# [Exercise goal]
Could you return every line of the material that contains the word "lineweight"?

# [Data excerpts]

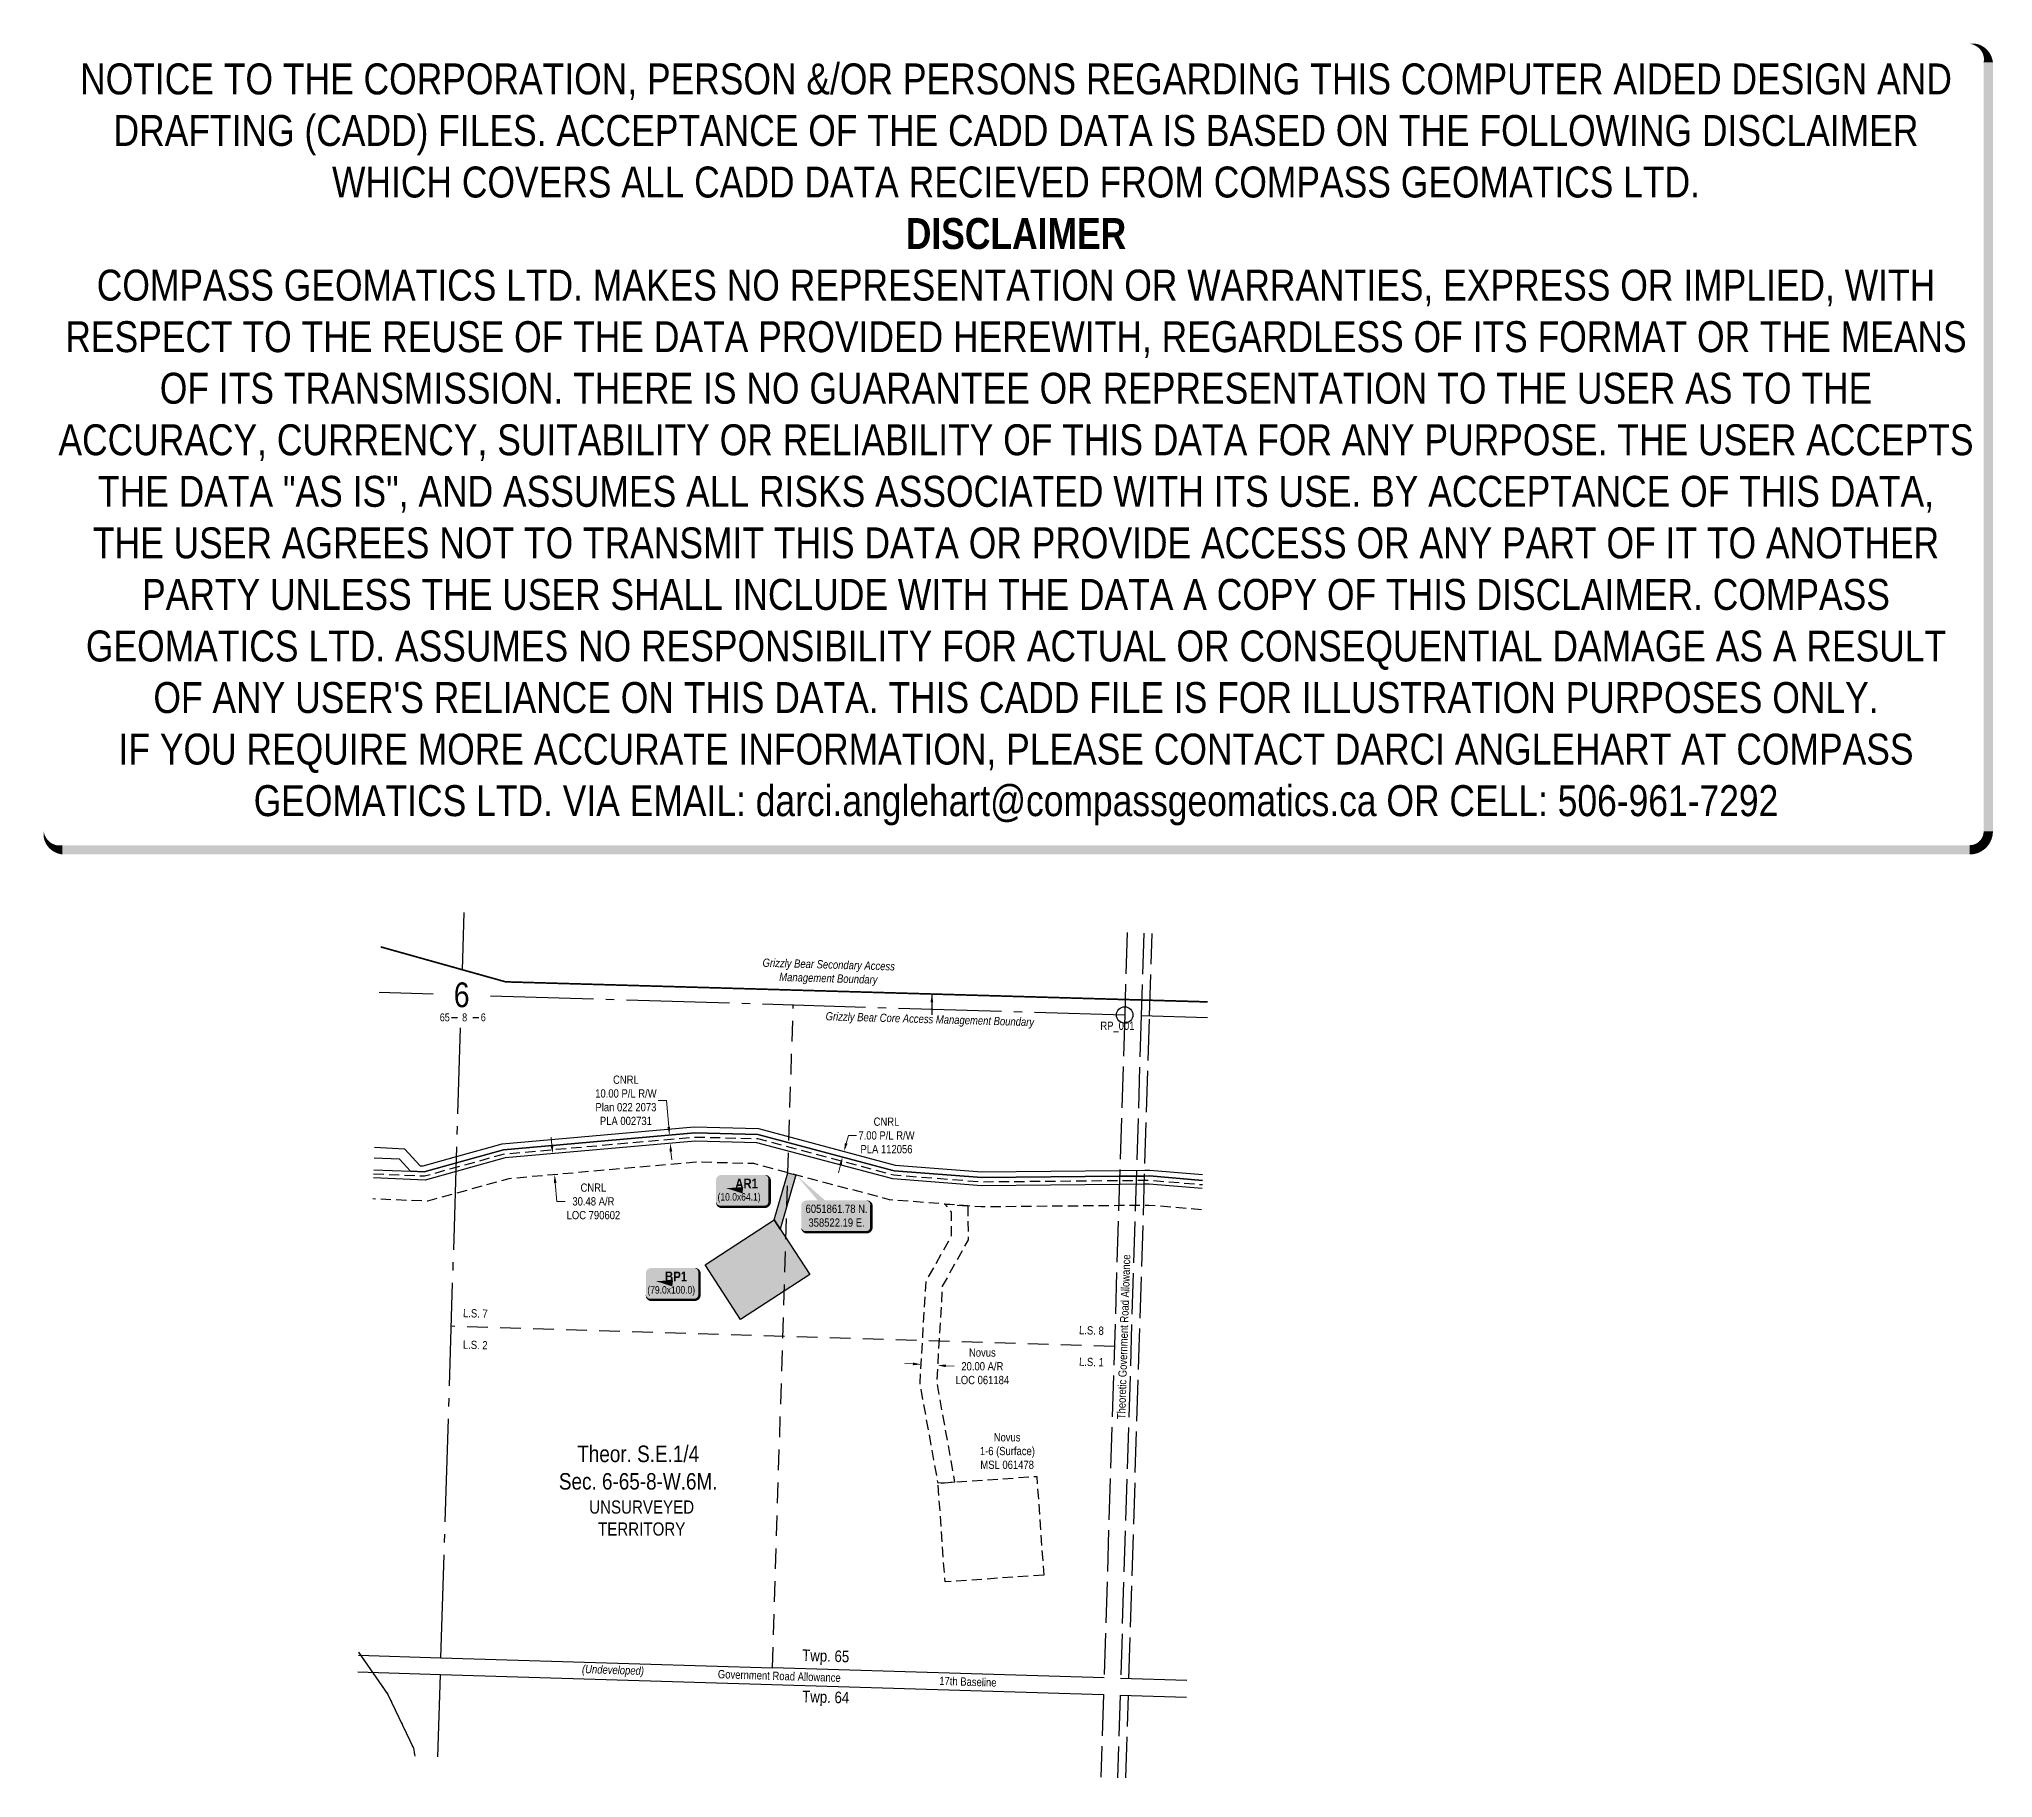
# Model space of a CAD drawing. Extents: x 357605 to 359974, y 6051130 to 6053239.
import ezdxf
from ezdxf.enums import TextEntityAlignment as Align

# ---------------------------------------------------------------- set-up
doc = ezdxf.new("R2010")
doc.units = 0
doc.header["$LTSCALE"] = 5
doc.header["$PDSIZE"] = 15
for name, pattern in [('DASHDOT2', [12.7, 6.35, -3.175, 0, -3.175]), ('foc-ACCESSROAD', [3.75, 2.5, -1.25]), ('foc-LSD', [8, 5, -3]), ('foc-QUARTERLINE', [33, 25, -3, 2, -3]), ('foc-UNSURVEYED', [12.5, 10, -2.5]), ('foc-WHEELTRACKS', [2, 0.4, -1.6])]:
    doc.linetypes.add(name, pattern=pattern)
doc.layers.get('Defpoints').update_dxf_attribs({"color": 9})
for name, color, linetype in [('10', 1, 'Continuous'), ('35', 37, 'Continuous'), ('9', 3, 'Continuous'), ('AS-WILDLIFE', 131, 'DASHDOT2'), ('C-AR', 13, 'foc-ACCESSROAD'), ('C-RW', 13, 'Continuous'), ('C-SYMBOL', 7, 'Continuous'), ('D-TXT', 6, 'Continuous'), ('DETAIL-T', 7, 'Continuous'), ('F-AR', 190, 'foc-ACCESSROAD'), ('F-WS', 190, 'foc-ACCESSROAD'), ('L-QSEC', 8, 'foc-QUARTERLINE'), ('L-ROAD-T', 7, 'Continuous'), ('L-SEC', 7, 'Continuous'), ('L-SECLBL', 7, 'Continuous'), ('L-SECQ', 8, 'foc-QUARTERLINE'), ('L-SECTION-LSD', 7, 'foc-LSD'), ('L-UNS-T', 3, 'Continuous'), ('L-USEC', 7, 'foc-UNSURVEYED'), ('P-TEMP-BLOCKS', 250, 'Continuous'), ('P-TEMP-BLUE', 146, 'Continuous'), ('T-CREEK', 160, 'Continuous'), ('T-WATER-P3', 160, 'foc-WHEELTRACKS')]:
    doc.layers.add(name, color=color, linetype=linetype)
for name, color, linetype, lineweight in [('C-AR-T', 13, 'Continuous', 9), ('C-RW-T', 13, 'Continuous', 9), ('F-AR-T', 190, 'Continuous', 9), ('F-WS-T', 190, 'Continuous', 9), ('T-TEXT', 48, 'Continuous', 18)]:
    doc.layers.add(name, color=color, linetype=linetype, lineweight=lineweight)
doc.layers.add('DISCLAIMER', color=7, linetype='Continuous', plot=False)
doc.layers.add('P-TEMP-BLUE-H', color=7, linetype='Continuous', true_color=0x99e6ff)
doc.styles.add('100L', font='ARIALN.TTF', dxfattribs={"height": 11})
doc.styles.add('175L', font='ARIALN.TTF', dxfattribs={"height": 20})
doc.styles.add('240', font='ARIALN.TTF', dxfattribs={"height": 30})
doc.styles.add('80', font='ARIALN.TTF', dxfattribs={"height": 10})
doc.styles.add('80CG', font='ARIALN.TTF', dxfattribs={"height": 10})
doc.styles.add('80L', font='ARIALN.TTF', dxfattribs={"height": 10})
doc.styles.add('80LS', font='ARIALNI.TTF', dxfattribs={"height": 10})
doc.styles.add('BOLD', font='ARIALNB.TTF')
doc.styles.add('foc-LtypeFont', font='ARIALN.TTF', dxfattribs={"height": 7.349999999999999})
doc.styles.add('SIMPLEX', font='ARIALN.TTF')
doc.linetypes.add('foc-TOPO-flowdirection-NOLINE', pattern='A,0,[">",foc-LtypeFont,S=0.3,R=0,X=0,Y=-0.945],-20,[">",foc-LtypeFont,S=0.3,R=0,X=0,Y=-0.945],0', length=20)
doc.dimstyles.new('Compass 5 000', dxfattribs={"dimscale": 5, "dimtxt": 9, "dimasz": 2, "dimexe": 0.2, "dimexo": 0.0625, "dimgap": 0.5, "dimtad": 0, "dimtih": 1, "dimtoh": 1, "dimzin": 0, "dimdsep": 46, "dimtxsty": '80CG', "dimcen": 0.1, "dimse1": 1, "dimse2": 1, "dimclrd": 256, "dimclrt": 256, "dimaunit": 1, "dimadec": 4, "dimazin": 0, "dimtfac": 0.06, "dimtofl": 0, "dimtmove": 0, "dimatfit": 1, "dimfxl": 0.2, "dimtolj": 1, "dimtzin": 0, "dimlwd": -1, "dimarcsym": 0})

# ---------------------------------------------------------------- blocks, each defined once
blk = doc.blocks.new('L-SECLBL')
at = {"layer": '9', "color": 7}
for p, q in [((-5.082139060913505, -27.83004804289613), (-12.28857354467345, -27.83004804289613)), ((20.70431141927111, -27.83004804289613), (13.49787693551116, -27.83004804289613))]:
    blk.add_line(p, q, dxfattribs=at)
at = {"layer": '10', "color": 2, "style": 'SIMPLEX'}
blk.add_attdef('SEC', text='', height=30, dxfattribs=at).set_placement((0, 0), align=Align.MIDDLE)
at = {"layer": '10', "color": 5, "style": '80L'}
blk.add_attdef('TWP', text='', height=9.5, dxfattribs=at).set_placement((-14.43410290347765, -27.36845155570791), align=Align.MIDDLE_RIGHT)
blk.add_attdef('RGE', text='', height=9.5, dxfattribs=at).set_placement((3.622123863462547, -27.36845155570791), align=Align.MIDDLE_CENTER)
blk.add_attdef('MER', text='', height=9.5, dxfattribs=at).set_placement((23.16775162027989, -27.36845155570791), align=Align.MIDDLE_LEFT)
blk = doc.blocks.new('*U447')
h = blk.add_hatch(color=254)
edge = h.paths.add_edge_path()
edge.add_line((-36.49999999999998, -20), (36.49999999999998, -20))
edge.add_arc((36.49999999999999, -13.99999999999999), 6.000000000000007, 269.9999999999999, 359.9999999999999)
edge.add_line((42.49999999999999, -14), (42.49999999999999, 12.5))
edge.add_arc((36.49999999999999, 12.49999999999999), 6.000000000000007, 6.785183320455494e-14, 90.00000000000007)
edge.add_line((36.49999999999998, 18.5), (-36.49999999999998, 18.5))
edge.add_arc((-36.49999999999999, 12.49999999999999), 6.000000000000007, 89.99999999999993, 179.9999999999999)
edge.add_line((-42.49999999999999, 12.5), (-42.49999999999999, -14))
edge.add_arc((-36.49999999999999, -13.99999999999999), 6.000000000000007, 180, 270.0000000000001)
at = {"color": 1, "flags": 128}
blk.add_lwpolyline([(-49.03843157185841, 49.59276819954421, 0, 10, 0), (0, 0, 5, 5, 0)], format="xyseb", dxfattribs=at)
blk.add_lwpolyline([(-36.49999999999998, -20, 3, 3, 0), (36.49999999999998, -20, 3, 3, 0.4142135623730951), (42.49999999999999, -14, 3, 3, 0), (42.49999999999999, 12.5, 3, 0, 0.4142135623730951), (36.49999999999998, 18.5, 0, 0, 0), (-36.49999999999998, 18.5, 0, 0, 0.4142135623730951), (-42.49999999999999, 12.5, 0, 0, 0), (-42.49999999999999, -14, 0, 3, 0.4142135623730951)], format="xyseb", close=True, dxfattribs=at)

# [Result for this task]
for name, color, linetype, lineweight in [('C-AR-T', 13, 'Continuous', 9), ('C-RW-T', 13, 'Continuous', 9), ('F-AR-T', 190, 'Continuous', 9), ('F-WS-T', 190, 'Continuous', 9), ('T-TEXT', 48, 'Continuous', 18)]:
    doc.layers.add(name, color=color, linetype=linetype, lineweight=lineweight)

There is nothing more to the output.